Turmeric also helps reduce inflammation, which can be a significant contributor to obesity and the inability to lose weight. One study22 notes:

“Curcumin is the active ingredient in turmeric. Evidence suggests curcumin may regulate lipid metabolism, which plays a central role in the development of obesity and its complications. The present review addresses the evidence and mechanisms by which curcumin may play a role in downregulating obesity and reducing the impact of associated problems.”

Mustard seed — It’s probably no surprise that the compound in mustard seed that’s responsible for burning fat and enhancing your metabolism is, once again, capsaicin. Glenville adds:23

“Mustard is part of the cruciferous family of vegetables, which are thought to have many health benefits. Other cruciferous vegetables include cabbage, cauliflower, broccoli and Brussels sprouts.”

A study24 at Oxford Polytechnic University in England found that one teaspoon of mustard seed can elevate your metabolism by 25%, a benefit that persists for several hours after consumption. This may be due to the phytochemical allyl isothiocyanates, which also deliver the flavor.
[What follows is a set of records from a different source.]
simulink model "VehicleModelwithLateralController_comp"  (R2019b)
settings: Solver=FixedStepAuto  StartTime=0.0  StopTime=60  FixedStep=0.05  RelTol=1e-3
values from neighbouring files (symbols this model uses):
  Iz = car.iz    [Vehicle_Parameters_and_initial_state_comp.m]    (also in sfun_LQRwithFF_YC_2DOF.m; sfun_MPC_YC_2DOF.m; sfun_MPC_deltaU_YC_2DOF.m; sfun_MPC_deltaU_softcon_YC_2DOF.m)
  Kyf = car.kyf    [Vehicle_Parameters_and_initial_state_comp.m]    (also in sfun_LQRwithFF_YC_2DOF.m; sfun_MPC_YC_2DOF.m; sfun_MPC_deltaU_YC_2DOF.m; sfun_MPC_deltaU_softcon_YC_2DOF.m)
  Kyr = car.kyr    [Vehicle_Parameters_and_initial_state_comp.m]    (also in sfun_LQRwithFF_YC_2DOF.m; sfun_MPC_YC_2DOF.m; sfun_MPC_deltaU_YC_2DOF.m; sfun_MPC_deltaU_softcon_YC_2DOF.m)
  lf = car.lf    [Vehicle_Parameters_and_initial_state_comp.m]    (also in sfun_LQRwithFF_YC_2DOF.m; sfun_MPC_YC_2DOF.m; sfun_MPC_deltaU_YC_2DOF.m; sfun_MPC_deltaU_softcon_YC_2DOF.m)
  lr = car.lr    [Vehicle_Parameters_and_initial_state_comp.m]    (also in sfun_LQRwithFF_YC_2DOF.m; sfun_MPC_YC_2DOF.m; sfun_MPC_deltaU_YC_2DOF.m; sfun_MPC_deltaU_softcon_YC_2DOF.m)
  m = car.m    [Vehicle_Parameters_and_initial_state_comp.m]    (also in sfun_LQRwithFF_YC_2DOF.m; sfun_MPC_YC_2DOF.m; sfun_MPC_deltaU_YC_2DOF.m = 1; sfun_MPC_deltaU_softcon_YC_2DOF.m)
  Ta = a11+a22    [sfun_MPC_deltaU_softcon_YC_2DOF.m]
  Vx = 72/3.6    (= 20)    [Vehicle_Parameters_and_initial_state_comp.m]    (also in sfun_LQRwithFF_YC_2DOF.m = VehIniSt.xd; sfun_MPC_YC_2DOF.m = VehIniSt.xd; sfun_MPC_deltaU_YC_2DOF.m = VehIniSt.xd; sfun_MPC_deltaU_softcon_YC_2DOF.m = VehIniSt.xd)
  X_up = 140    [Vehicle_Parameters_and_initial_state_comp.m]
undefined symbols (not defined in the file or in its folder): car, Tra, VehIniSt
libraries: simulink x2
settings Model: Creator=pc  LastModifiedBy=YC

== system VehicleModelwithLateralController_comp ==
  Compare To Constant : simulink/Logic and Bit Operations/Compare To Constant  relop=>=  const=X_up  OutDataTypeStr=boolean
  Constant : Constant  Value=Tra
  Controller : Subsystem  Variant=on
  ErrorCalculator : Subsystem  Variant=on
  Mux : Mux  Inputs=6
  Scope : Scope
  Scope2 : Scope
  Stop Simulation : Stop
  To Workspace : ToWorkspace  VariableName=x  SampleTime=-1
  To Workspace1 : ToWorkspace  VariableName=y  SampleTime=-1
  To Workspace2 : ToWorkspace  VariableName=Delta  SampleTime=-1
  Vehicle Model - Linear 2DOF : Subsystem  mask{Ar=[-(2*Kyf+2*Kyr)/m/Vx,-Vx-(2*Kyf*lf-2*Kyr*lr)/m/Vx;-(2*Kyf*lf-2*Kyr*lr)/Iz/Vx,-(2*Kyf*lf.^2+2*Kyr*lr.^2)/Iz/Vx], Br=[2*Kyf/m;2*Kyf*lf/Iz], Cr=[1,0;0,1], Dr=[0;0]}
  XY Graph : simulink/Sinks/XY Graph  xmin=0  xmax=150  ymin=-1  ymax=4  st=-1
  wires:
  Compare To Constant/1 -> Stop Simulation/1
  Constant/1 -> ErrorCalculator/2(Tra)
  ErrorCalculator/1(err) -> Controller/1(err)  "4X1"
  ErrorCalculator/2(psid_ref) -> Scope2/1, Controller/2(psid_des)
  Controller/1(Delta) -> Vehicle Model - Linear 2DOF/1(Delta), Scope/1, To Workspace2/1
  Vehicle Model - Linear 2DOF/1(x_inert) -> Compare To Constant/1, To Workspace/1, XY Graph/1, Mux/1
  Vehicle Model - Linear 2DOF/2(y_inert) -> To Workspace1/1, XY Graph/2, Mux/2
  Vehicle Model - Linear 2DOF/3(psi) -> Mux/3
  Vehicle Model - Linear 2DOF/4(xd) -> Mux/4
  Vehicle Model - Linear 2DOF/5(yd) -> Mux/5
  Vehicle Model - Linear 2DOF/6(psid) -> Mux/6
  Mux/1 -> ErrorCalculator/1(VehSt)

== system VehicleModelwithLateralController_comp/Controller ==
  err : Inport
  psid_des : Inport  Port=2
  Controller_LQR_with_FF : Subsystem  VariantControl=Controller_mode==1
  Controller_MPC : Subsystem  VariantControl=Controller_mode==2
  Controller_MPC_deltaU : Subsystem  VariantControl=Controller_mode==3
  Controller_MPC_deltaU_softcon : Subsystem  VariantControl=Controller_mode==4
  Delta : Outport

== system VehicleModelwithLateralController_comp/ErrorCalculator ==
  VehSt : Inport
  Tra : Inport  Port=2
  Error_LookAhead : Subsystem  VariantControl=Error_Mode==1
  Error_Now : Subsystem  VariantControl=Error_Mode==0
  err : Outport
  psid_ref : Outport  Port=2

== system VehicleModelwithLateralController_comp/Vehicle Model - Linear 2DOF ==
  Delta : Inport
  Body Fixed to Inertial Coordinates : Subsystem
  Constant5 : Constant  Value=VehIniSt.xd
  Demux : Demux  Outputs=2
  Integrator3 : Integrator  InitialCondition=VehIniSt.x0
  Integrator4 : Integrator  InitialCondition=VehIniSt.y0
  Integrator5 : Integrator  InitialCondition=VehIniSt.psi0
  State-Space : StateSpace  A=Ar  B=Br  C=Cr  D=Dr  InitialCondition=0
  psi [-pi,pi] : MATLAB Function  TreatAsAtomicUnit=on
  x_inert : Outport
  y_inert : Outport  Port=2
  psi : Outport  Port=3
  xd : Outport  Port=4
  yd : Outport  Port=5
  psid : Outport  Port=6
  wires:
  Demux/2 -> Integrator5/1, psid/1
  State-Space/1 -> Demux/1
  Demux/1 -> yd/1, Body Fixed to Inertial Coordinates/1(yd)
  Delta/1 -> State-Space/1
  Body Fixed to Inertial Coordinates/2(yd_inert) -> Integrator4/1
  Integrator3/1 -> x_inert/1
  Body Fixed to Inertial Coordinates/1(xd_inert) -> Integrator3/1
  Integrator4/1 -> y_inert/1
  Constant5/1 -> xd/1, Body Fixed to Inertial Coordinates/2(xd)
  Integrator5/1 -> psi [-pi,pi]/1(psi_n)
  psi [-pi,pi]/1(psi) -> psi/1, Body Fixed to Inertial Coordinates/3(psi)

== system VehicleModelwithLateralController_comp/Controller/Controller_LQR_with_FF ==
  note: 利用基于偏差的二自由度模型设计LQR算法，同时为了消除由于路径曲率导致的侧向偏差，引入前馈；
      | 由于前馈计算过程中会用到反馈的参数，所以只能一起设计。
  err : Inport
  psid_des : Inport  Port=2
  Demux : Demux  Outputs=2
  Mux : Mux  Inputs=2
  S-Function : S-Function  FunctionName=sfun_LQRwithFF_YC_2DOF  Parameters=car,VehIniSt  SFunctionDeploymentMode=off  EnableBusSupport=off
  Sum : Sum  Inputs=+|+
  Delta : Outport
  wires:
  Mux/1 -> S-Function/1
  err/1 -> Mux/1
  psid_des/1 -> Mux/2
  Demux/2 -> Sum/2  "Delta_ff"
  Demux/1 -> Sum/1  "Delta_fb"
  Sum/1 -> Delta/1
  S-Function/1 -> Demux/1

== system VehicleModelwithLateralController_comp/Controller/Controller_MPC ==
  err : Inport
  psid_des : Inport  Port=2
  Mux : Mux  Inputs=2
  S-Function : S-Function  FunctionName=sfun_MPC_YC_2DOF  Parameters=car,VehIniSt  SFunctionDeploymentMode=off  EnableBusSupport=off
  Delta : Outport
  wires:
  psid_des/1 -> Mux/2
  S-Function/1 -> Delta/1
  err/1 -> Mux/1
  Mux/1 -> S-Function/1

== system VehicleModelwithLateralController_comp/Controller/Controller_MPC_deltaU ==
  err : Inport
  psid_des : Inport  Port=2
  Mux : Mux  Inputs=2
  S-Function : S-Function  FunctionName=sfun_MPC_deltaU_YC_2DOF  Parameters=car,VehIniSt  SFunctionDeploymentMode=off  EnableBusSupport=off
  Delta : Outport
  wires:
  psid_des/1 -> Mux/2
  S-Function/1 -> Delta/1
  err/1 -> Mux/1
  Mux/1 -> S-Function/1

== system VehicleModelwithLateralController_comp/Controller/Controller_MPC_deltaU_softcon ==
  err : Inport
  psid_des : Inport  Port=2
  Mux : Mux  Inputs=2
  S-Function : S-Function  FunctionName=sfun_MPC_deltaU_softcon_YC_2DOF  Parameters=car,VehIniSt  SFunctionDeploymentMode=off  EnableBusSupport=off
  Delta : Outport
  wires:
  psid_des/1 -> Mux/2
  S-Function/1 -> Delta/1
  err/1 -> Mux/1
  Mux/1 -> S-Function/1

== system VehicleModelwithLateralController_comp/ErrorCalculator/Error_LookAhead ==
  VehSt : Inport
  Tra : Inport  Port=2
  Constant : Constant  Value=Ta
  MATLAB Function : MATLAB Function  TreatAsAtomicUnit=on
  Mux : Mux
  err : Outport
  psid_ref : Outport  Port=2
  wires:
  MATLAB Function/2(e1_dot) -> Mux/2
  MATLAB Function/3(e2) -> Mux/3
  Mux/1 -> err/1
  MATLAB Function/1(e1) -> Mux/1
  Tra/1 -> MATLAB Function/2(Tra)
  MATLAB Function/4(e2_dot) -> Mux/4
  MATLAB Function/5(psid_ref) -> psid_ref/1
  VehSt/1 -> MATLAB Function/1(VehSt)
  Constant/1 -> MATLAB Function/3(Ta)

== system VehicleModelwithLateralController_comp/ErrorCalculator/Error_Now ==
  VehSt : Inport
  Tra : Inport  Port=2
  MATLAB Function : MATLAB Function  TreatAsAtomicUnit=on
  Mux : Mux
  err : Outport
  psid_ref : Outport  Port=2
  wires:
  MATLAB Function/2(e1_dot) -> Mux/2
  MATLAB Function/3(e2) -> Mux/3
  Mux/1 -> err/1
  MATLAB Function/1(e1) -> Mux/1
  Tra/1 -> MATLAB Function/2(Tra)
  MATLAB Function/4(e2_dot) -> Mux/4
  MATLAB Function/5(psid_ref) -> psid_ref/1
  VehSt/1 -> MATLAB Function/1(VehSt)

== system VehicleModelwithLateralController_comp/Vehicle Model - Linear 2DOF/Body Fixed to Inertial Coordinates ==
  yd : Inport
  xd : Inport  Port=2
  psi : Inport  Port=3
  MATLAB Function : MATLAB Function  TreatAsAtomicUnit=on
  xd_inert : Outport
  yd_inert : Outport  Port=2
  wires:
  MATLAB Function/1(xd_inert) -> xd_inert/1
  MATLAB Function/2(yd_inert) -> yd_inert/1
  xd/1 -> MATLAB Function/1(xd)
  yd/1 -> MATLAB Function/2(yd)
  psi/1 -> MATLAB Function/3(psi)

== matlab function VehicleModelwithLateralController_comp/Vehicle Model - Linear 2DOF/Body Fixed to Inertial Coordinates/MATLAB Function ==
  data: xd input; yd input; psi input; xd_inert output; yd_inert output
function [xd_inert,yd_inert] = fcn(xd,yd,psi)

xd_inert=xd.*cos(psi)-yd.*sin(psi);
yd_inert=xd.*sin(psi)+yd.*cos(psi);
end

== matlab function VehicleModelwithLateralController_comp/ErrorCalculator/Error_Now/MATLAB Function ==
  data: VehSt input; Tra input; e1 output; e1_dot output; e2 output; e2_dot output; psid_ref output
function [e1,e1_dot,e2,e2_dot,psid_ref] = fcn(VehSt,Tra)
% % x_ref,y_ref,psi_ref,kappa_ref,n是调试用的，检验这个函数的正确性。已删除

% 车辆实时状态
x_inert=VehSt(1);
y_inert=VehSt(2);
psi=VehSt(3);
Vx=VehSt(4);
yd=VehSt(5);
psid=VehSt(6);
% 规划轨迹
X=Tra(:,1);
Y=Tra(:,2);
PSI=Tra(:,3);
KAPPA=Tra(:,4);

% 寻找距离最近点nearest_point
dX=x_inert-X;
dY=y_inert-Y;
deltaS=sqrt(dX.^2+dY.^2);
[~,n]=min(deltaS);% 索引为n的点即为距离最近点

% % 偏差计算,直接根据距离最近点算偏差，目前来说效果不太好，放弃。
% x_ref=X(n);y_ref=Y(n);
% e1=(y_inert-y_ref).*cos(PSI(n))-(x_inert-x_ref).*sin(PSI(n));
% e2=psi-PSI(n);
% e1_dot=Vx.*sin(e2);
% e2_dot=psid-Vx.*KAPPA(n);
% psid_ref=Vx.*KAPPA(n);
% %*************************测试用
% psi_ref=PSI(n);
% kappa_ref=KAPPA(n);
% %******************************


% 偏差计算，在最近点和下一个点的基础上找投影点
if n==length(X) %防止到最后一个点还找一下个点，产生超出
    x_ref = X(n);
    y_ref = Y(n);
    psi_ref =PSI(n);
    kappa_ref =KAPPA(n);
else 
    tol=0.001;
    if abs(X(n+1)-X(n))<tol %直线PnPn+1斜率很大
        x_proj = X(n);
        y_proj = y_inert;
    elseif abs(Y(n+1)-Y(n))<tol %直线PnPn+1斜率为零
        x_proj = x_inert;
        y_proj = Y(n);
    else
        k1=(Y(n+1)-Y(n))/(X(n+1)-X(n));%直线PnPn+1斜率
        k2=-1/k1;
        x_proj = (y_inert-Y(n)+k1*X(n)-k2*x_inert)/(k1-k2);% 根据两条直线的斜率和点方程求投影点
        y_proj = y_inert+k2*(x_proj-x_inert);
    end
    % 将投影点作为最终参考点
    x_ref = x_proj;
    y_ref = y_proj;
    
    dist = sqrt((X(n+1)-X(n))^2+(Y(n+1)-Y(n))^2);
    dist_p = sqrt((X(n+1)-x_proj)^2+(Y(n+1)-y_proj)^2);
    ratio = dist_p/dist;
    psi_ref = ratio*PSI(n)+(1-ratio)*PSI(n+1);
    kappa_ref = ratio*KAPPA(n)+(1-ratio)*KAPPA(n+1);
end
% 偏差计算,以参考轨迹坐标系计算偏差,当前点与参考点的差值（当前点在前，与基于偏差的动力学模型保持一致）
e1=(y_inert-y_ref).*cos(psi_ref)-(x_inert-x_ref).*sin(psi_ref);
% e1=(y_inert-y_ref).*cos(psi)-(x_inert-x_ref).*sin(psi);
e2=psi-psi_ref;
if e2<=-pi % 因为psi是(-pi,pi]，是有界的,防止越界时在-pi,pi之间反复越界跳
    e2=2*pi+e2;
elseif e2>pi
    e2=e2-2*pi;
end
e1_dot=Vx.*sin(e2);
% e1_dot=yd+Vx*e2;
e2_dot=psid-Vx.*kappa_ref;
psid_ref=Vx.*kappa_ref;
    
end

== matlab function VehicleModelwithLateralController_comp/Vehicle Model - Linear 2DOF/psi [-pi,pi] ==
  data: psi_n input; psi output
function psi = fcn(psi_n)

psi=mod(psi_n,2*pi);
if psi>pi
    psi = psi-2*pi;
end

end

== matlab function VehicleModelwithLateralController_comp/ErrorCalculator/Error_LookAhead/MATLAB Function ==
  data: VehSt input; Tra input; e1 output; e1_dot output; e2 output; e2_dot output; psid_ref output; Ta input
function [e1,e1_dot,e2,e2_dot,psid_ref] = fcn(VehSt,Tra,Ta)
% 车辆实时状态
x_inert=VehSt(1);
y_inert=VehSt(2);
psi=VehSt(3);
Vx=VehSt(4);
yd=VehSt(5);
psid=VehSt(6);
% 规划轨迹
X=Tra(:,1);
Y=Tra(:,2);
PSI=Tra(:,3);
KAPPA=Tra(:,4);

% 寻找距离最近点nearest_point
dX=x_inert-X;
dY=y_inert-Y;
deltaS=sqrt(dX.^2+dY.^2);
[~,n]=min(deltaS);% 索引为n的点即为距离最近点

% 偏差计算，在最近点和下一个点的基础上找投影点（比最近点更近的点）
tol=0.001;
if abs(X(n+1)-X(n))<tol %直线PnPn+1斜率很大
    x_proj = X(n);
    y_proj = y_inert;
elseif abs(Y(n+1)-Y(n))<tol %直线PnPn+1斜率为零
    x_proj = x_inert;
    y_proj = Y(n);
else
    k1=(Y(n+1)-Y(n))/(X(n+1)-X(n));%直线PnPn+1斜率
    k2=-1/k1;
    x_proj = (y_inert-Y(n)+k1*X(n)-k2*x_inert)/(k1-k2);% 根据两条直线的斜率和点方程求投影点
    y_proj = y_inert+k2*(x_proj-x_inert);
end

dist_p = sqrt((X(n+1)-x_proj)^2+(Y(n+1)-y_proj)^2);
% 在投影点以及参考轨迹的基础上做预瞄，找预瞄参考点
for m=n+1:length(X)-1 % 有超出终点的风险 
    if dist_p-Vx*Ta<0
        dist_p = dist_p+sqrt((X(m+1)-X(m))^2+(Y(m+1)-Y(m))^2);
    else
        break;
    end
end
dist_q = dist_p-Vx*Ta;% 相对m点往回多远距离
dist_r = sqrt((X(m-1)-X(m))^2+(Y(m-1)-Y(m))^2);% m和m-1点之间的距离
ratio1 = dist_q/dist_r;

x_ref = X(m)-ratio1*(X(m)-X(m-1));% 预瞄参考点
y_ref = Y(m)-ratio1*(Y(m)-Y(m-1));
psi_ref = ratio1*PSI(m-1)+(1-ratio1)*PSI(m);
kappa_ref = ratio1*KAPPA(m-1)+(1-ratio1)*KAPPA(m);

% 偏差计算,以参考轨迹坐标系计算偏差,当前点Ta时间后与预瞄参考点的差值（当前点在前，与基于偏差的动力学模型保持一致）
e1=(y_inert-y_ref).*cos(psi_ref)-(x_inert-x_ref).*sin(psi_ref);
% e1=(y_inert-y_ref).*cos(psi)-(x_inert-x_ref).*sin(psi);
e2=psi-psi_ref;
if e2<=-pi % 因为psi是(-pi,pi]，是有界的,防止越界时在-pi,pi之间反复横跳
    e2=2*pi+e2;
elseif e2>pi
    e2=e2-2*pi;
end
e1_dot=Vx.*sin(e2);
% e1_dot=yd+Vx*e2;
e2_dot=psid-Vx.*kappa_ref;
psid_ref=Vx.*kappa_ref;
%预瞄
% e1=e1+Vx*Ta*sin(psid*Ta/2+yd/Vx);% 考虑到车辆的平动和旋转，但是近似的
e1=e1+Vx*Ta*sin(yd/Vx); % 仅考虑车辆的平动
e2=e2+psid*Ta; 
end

Steer clear of mustard that’s artificially colored neon yellow or loaded with excessive amounts of sugar, though, as its health benefits are out the window.

Ways to Keep Weight Off Once You’ve Lost It

The biggest hurdle people face when they double down on a diet plan that’s drastically different from what future habits can sustain is that, too often, the weight comes right back. Here are some ways to help you lose weight and also keep it off once you’ve reached your goal:

The amount of fiber in your diet is crucial for weight loss, as it is for general health. Eat foods known for keeping food moving smoothly through your colon, such as well-cooked veggies and ripe fruits.

Vitamin D, or lack thereof, derived to some extent from foods you eat and primarily via the sunshine you bask in on any given day, can have an impact on your ability to lose and maintain weight. One study25 showed that for more than 4,600 women 65 years old and older, low vitamin D levels contributed to mild weight gain.26

Reversing insulin/leptin resistance plays a key role in preventing obesity, metabolic disorders such as Type 2 diabetes and inflammatory diseases like rheumatoid arthritis. Trading seed oils loaded with linoleic acid, refined sugar and processed fructose for fresh, whole foods will help optimize your insulin and leptin levels. To learn more about this, please see my article “Important Information About Low Carb, Cortisol and Glucose.”

Exercise is crucial in the quest for weight loss, as well as shoring up sagging muscles and keeping them firm and strong. Exercise also benefits your glucose, insulin and leptin levels by optimizing insulin/leptin receptor sensitivity, subsequently helping to prevent chronic disease.